-- MATERIAL SUPPLIED follows --
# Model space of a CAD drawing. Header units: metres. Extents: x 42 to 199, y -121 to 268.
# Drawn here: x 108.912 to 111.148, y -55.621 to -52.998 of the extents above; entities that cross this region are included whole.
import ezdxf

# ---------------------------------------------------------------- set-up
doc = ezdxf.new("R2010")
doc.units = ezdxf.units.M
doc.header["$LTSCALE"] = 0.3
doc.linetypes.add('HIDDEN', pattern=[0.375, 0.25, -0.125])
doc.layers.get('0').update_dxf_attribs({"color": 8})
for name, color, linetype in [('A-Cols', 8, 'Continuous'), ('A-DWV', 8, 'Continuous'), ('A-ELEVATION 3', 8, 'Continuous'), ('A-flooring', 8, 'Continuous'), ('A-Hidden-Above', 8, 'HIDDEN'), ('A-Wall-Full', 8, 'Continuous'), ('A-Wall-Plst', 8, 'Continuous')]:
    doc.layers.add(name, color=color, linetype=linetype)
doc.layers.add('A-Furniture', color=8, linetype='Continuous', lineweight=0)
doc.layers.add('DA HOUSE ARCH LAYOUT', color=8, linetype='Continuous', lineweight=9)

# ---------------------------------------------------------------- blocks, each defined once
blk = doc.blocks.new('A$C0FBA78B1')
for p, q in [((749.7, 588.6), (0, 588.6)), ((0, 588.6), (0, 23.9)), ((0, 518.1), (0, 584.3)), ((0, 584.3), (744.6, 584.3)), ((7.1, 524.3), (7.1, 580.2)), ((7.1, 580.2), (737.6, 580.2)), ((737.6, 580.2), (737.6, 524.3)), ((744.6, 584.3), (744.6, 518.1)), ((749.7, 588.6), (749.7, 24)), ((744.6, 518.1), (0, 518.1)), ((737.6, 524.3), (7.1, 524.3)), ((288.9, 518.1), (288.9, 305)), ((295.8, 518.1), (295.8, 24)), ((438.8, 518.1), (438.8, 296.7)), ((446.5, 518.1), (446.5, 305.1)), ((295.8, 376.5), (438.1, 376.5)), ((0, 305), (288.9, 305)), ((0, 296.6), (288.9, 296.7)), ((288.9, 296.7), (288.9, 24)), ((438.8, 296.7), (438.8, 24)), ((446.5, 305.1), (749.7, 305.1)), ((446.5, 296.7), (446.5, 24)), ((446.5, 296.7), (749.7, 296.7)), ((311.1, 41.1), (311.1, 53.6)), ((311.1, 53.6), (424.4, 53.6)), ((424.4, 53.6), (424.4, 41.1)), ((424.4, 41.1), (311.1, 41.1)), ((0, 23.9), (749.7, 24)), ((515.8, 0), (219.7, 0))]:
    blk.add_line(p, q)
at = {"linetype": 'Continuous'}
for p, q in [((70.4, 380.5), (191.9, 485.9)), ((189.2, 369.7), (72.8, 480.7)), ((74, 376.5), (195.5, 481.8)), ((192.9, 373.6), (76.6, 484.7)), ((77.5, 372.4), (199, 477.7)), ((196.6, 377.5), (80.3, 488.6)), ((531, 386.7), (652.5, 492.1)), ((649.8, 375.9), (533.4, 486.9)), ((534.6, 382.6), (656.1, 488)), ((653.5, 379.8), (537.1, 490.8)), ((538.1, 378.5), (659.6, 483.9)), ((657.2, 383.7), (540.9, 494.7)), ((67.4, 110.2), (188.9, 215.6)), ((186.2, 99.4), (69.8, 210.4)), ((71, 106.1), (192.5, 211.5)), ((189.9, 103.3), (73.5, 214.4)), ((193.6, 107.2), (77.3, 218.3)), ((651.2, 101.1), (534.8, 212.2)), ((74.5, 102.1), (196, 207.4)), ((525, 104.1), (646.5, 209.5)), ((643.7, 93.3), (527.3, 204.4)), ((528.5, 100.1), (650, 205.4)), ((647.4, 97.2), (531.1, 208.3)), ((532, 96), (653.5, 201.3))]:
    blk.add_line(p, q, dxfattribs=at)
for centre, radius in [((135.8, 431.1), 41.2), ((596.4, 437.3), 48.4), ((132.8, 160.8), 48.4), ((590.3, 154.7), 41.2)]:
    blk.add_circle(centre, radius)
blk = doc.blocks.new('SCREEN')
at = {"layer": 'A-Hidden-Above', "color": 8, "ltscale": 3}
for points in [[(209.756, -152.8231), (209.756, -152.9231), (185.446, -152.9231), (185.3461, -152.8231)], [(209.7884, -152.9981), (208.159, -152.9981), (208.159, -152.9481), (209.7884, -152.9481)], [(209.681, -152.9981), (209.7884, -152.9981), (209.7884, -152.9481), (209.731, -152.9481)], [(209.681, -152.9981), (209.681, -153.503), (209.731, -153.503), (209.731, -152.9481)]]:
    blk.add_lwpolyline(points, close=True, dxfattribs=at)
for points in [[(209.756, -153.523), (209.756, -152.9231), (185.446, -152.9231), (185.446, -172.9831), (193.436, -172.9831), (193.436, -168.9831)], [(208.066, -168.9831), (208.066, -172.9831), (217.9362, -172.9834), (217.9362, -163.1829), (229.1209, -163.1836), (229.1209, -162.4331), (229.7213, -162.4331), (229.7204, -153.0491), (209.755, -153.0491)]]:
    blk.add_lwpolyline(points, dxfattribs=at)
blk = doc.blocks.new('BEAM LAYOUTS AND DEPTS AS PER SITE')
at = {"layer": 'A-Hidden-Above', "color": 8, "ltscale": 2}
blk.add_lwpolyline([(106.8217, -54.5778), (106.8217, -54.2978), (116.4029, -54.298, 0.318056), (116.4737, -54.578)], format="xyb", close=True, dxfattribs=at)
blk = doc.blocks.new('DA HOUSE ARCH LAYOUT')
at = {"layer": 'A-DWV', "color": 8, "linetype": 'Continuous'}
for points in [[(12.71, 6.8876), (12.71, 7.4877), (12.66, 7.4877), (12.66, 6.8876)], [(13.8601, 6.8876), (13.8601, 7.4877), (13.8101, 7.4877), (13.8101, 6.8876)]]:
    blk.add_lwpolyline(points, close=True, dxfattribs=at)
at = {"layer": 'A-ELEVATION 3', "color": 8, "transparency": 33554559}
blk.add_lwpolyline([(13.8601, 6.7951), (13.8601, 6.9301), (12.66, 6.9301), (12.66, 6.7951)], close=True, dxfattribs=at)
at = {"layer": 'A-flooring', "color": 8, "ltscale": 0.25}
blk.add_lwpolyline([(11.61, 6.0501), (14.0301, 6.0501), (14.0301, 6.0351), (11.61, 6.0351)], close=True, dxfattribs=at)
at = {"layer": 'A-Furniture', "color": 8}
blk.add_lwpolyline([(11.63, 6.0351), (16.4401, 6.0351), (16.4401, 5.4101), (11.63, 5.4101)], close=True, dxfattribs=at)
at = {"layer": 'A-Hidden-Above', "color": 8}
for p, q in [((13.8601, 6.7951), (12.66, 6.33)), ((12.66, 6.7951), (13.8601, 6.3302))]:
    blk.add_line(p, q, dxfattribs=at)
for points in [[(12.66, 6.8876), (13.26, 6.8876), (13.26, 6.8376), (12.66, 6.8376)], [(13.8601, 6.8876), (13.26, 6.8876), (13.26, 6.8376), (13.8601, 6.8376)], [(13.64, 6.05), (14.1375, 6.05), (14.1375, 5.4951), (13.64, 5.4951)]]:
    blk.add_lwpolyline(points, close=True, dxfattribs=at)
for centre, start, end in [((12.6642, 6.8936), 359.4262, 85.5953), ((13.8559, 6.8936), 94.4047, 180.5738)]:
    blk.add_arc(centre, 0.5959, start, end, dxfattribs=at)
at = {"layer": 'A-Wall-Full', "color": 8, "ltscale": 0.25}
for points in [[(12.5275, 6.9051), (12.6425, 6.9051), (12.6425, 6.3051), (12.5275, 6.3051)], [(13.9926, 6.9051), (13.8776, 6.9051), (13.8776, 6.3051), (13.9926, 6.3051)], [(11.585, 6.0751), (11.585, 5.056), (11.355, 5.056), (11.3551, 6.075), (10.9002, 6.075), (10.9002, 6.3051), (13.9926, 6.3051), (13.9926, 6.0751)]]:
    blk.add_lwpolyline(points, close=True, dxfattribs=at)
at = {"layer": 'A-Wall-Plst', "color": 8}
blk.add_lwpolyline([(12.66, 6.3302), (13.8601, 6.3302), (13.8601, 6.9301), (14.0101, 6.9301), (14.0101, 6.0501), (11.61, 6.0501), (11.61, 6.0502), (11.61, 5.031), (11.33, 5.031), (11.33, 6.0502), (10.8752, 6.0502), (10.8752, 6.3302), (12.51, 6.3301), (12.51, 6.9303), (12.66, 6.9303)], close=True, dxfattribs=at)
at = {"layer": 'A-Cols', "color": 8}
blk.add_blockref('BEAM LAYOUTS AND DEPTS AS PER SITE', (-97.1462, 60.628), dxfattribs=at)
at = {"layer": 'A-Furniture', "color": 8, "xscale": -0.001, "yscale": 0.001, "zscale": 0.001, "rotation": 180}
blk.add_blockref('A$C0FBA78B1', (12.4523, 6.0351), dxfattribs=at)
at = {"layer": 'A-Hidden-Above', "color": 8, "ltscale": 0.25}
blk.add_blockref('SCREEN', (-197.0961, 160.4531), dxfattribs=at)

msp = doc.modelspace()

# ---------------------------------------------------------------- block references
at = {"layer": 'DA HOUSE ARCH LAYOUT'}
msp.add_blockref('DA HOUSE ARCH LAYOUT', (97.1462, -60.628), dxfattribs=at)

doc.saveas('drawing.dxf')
-- MATERIAL SUPPLIED concluded --
● **TASK DESCRIPTION**
Extract exactly and only the lines above from the line containing "for name, color, linetype" through the line containing "doc.layers.add('DA HOUSE ARCH", both end lines included.

● **TASK RESPONSE**
for name, color, linetype in [('A-Cols', 8, 'Continuous'), ('A-DWV', 8, 'Continuous'), ('A-ELEVATION 3', 8, 'Continuous'), ('A-flooring', 8, 'Continuous'), ('A-Hidden-Above', 8, 'HIDDEN'), ('A-Wall-Full', 8, 'Continuous'), ('A-Wall-Plst', 8, 'Continuous')]:
    doc.layers.add(name, color=color, linetype=linetype)
doc.layers.add('A-Furniture', color=8, linetype='Continuous', lineweight=0)
doc.layers.add('DA HOUSE ARCH LAYOUT', color=8, linetype='Continuous', lineweight=9)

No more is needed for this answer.